(Collected data)
--------------------------------

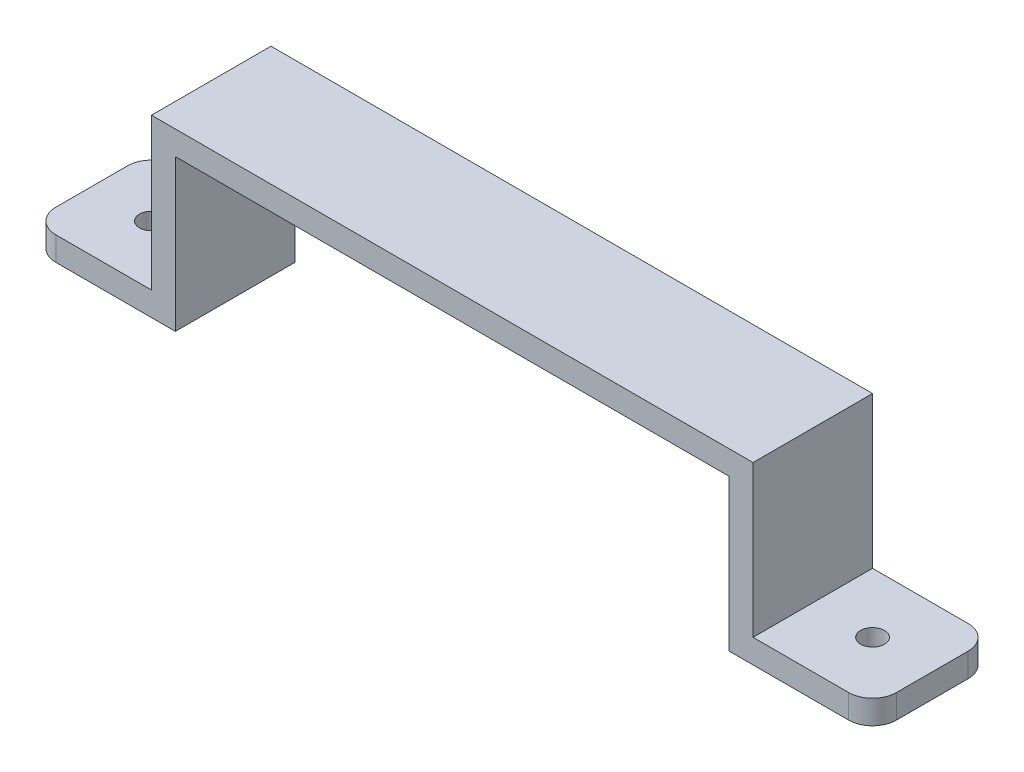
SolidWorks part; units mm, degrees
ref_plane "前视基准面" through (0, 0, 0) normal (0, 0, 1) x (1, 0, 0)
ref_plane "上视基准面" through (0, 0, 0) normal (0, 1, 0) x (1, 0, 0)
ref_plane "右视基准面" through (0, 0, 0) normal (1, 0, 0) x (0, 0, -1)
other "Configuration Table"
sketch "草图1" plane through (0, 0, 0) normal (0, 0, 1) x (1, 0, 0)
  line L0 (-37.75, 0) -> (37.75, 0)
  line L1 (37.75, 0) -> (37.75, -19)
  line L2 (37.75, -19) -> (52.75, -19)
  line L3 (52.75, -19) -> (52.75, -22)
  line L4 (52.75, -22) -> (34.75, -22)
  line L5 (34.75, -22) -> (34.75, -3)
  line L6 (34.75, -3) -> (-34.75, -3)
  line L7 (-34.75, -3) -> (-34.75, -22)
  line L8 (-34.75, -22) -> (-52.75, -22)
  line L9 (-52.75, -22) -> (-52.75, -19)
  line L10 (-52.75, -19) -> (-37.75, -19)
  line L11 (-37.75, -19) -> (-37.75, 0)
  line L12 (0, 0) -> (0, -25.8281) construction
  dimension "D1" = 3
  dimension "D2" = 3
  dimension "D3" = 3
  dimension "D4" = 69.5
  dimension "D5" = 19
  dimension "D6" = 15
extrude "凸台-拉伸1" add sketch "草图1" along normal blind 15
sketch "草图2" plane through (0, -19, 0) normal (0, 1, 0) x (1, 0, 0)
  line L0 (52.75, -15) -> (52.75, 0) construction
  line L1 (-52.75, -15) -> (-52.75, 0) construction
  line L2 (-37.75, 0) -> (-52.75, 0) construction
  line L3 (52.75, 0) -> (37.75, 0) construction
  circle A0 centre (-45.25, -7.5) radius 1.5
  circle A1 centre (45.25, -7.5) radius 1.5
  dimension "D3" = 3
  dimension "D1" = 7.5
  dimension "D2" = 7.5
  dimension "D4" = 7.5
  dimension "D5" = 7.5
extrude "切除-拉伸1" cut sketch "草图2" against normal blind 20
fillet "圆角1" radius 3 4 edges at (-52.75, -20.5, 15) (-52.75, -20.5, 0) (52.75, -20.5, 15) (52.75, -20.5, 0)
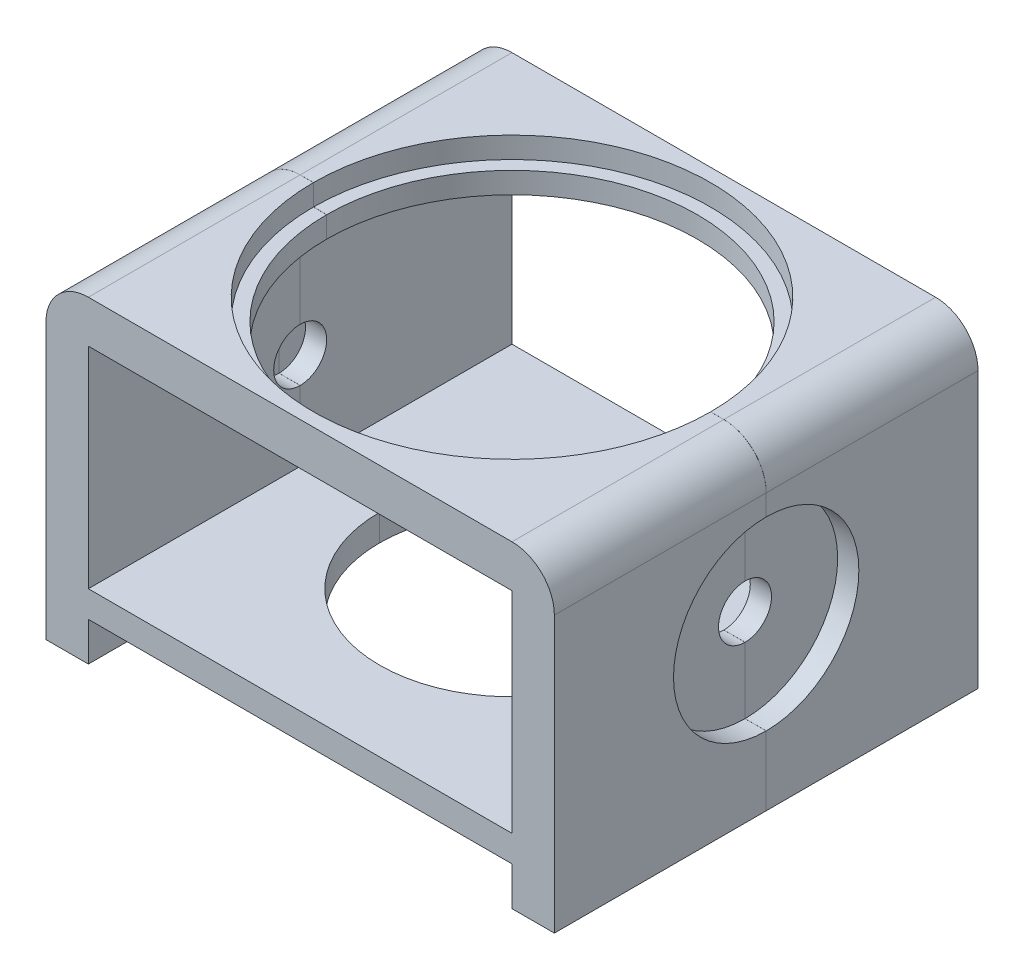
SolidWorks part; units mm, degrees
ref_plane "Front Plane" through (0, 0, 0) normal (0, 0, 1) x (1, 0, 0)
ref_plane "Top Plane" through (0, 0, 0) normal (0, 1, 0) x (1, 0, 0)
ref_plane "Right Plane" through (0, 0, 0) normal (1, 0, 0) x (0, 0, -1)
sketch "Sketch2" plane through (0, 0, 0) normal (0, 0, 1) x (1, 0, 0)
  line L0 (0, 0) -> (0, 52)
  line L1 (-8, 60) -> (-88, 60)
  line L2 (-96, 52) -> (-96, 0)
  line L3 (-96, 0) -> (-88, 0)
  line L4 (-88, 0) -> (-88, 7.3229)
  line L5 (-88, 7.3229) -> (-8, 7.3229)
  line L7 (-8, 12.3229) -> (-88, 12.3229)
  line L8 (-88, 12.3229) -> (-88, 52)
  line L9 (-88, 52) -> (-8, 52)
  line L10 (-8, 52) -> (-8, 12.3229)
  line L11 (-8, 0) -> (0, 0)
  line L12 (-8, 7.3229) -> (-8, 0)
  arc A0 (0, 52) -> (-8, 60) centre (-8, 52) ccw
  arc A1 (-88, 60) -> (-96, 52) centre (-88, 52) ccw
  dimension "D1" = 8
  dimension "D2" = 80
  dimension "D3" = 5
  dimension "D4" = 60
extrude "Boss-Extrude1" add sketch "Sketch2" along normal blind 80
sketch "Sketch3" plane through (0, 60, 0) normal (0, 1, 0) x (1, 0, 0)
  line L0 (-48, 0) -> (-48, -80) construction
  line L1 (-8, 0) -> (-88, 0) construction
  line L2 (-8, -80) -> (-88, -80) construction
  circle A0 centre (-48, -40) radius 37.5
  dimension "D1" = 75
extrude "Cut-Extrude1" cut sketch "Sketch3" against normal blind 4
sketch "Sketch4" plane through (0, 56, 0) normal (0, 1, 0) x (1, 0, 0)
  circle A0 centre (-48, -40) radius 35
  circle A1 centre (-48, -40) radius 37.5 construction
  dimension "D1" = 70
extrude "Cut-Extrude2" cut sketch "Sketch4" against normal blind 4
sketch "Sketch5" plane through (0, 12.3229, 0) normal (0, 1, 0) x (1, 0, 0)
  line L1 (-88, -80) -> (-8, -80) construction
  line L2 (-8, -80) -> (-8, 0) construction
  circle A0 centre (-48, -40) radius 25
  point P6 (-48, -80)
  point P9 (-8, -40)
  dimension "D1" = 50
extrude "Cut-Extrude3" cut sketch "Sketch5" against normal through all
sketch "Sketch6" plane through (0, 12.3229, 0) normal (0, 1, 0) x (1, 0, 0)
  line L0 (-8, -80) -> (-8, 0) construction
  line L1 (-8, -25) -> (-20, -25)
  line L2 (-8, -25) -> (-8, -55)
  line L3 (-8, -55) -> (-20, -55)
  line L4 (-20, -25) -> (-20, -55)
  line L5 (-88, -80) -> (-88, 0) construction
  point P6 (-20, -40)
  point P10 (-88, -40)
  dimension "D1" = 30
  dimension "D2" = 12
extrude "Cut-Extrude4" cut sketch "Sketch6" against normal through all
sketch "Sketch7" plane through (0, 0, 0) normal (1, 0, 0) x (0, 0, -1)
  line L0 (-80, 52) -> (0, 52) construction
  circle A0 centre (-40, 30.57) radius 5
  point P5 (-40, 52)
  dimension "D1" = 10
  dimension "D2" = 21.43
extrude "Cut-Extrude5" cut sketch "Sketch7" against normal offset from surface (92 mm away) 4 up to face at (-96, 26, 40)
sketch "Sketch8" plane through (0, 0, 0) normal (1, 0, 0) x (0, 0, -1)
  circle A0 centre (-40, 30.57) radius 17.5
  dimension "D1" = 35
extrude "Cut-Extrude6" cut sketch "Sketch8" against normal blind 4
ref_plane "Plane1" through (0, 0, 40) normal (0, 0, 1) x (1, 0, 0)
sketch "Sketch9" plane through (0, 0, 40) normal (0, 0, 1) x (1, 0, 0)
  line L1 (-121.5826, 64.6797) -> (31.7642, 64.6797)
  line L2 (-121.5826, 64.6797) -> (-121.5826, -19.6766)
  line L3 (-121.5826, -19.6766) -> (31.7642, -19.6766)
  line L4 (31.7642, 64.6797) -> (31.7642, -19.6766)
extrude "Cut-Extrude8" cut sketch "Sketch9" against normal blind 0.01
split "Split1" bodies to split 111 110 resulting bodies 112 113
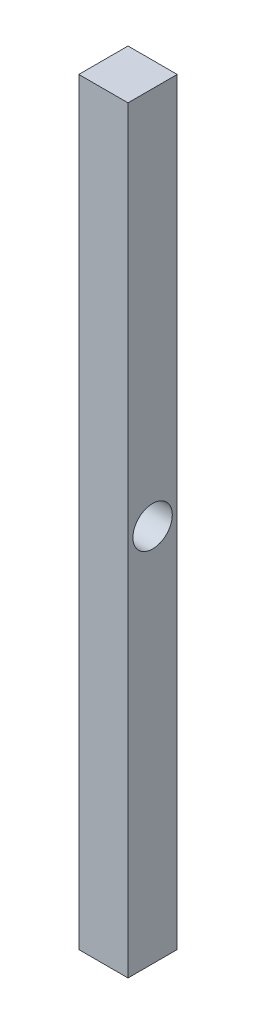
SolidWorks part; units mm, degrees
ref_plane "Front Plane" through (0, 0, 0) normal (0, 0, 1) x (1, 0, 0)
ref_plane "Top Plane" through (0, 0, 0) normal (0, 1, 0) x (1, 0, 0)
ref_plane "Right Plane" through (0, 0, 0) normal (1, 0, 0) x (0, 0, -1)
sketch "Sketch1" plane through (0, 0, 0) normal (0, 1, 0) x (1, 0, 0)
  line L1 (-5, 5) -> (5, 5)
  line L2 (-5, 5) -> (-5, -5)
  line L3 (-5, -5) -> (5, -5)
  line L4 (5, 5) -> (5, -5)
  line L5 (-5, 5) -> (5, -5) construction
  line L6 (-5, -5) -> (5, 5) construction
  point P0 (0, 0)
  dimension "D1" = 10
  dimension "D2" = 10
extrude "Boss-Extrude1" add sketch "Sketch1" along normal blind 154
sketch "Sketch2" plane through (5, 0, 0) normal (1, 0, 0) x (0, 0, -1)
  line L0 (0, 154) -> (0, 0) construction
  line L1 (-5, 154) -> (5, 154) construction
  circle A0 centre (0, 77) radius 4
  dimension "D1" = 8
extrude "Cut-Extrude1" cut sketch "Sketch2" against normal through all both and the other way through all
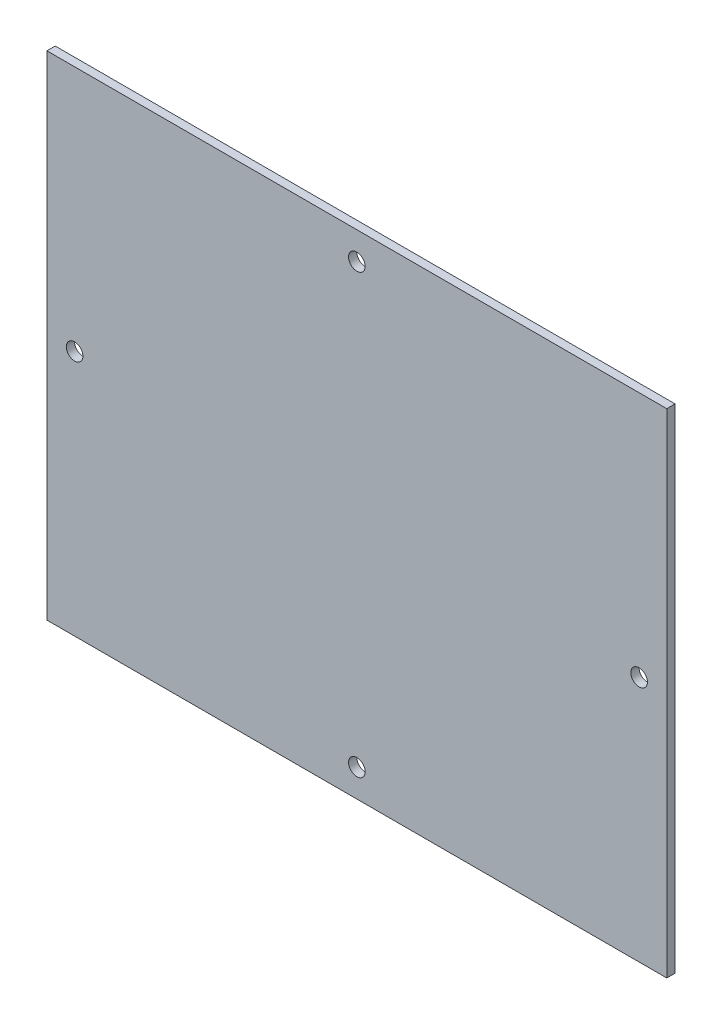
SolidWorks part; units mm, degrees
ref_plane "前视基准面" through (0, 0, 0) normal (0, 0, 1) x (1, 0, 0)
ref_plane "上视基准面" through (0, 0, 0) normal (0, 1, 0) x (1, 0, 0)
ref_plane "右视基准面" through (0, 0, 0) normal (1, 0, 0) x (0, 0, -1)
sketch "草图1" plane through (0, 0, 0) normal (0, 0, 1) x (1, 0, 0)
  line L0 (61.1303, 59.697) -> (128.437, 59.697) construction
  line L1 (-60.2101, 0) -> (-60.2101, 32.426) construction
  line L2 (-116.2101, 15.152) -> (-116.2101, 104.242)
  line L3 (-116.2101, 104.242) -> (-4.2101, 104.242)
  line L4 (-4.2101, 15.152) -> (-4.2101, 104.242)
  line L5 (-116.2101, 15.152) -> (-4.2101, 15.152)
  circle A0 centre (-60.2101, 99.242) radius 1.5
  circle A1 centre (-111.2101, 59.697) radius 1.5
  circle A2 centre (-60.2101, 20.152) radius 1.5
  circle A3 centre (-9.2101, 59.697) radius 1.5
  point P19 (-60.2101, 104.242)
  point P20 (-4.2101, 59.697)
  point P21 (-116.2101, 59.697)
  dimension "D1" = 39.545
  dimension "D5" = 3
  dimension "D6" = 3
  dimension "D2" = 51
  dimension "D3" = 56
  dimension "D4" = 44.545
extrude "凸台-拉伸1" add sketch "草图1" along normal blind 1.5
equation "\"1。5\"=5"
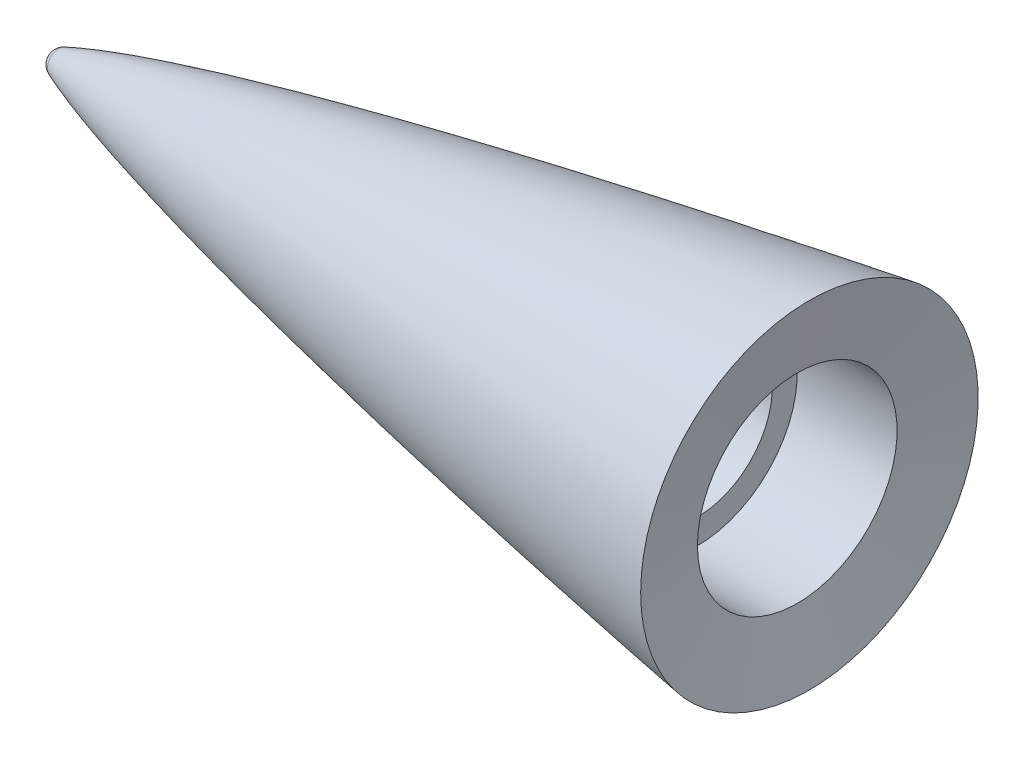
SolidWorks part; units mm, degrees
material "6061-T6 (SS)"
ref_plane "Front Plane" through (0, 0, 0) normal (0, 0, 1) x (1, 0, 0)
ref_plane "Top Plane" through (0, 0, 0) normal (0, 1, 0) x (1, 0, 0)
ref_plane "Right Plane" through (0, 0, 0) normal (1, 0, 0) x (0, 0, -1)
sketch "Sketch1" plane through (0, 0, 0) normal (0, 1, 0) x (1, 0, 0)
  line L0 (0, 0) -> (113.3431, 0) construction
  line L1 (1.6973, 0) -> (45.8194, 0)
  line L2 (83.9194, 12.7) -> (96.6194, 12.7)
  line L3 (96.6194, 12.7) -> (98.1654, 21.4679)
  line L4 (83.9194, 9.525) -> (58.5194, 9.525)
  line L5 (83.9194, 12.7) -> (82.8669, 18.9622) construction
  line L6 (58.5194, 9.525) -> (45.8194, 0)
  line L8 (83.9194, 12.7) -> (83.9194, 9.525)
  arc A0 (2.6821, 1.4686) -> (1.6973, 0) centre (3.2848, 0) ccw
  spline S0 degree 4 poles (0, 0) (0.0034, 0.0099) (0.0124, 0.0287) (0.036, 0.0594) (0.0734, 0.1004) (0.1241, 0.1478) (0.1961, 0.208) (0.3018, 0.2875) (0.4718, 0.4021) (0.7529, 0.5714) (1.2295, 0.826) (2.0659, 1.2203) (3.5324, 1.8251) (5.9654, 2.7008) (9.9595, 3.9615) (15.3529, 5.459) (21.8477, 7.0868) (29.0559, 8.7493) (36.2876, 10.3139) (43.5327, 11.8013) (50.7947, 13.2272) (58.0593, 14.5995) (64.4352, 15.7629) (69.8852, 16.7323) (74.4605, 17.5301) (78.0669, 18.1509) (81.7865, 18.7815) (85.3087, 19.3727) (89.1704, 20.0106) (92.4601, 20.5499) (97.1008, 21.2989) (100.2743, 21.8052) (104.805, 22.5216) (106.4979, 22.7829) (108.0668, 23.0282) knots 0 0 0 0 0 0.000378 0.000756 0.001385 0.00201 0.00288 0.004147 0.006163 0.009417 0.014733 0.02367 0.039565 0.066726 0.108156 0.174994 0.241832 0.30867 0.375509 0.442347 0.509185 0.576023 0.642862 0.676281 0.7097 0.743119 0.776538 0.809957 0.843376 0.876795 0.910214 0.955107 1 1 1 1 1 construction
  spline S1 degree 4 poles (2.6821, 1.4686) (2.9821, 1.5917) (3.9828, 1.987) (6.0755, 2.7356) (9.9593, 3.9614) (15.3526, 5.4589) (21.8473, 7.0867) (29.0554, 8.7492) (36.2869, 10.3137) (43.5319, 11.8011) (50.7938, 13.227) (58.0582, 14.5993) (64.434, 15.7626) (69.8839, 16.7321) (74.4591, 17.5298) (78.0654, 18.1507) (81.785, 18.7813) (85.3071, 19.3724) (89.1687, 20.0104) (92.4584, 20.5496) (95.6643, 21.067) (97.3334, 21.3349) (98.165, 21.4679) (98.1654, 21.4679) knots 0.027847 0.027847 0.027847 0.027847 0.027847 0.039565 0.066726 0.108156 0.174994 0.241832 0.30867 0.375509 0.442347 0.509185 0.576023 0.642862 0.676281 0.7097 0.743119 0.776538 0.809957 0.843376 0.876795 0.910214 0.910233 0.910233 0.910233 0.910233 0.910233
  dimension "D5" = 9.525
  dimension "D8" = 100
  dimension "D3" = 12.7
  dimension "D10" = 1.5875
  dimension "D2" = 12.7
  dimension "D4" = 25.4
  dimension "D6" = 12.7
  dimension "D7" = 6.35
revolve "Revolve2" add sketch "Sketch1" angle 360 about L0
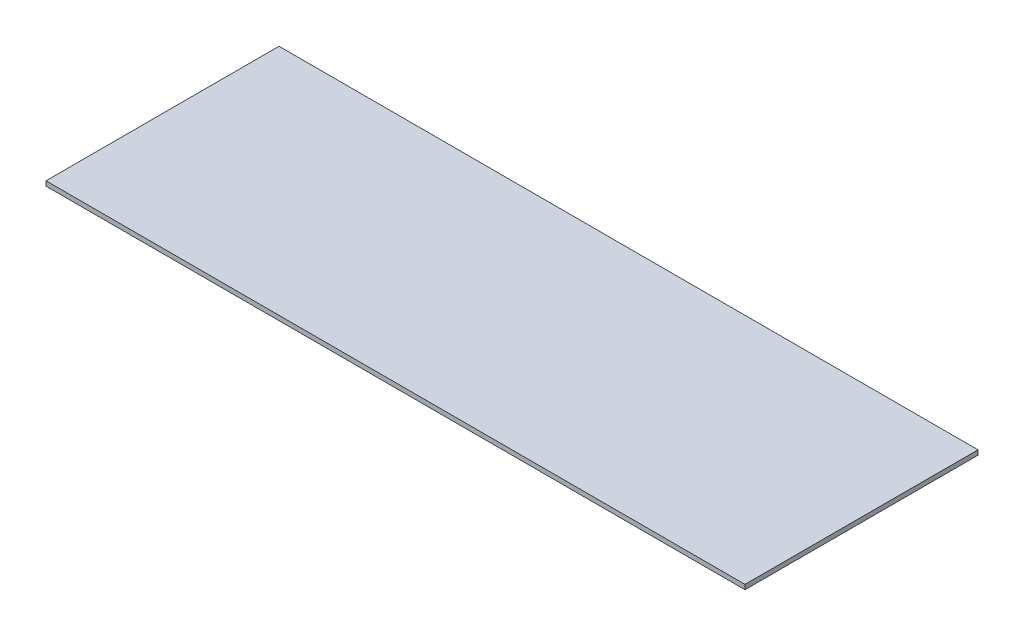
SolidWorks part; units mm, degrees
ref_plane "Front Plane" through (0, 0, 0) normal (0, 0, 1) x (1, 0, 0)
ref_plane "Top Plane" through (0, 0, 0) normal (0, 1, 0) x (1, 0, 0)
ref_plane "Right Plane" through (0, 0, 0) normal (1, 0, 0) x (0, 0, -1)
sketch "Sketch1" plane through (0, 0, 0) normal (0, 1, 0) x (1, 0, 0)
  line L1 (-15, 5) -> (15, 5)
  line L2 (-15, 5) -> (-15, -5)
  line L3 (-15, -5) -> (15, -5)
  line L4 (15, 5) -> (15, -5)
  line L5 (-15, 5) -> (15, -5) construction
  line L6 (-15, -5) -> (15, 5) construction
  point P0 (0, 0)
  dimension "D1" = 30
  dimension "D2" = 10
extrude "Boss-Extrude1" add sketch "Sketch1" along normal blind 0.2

--------------------------------

# [Task description]
Line count for "blind": determine it from the data and answer with the number by itself.

# [Exercise answer]
10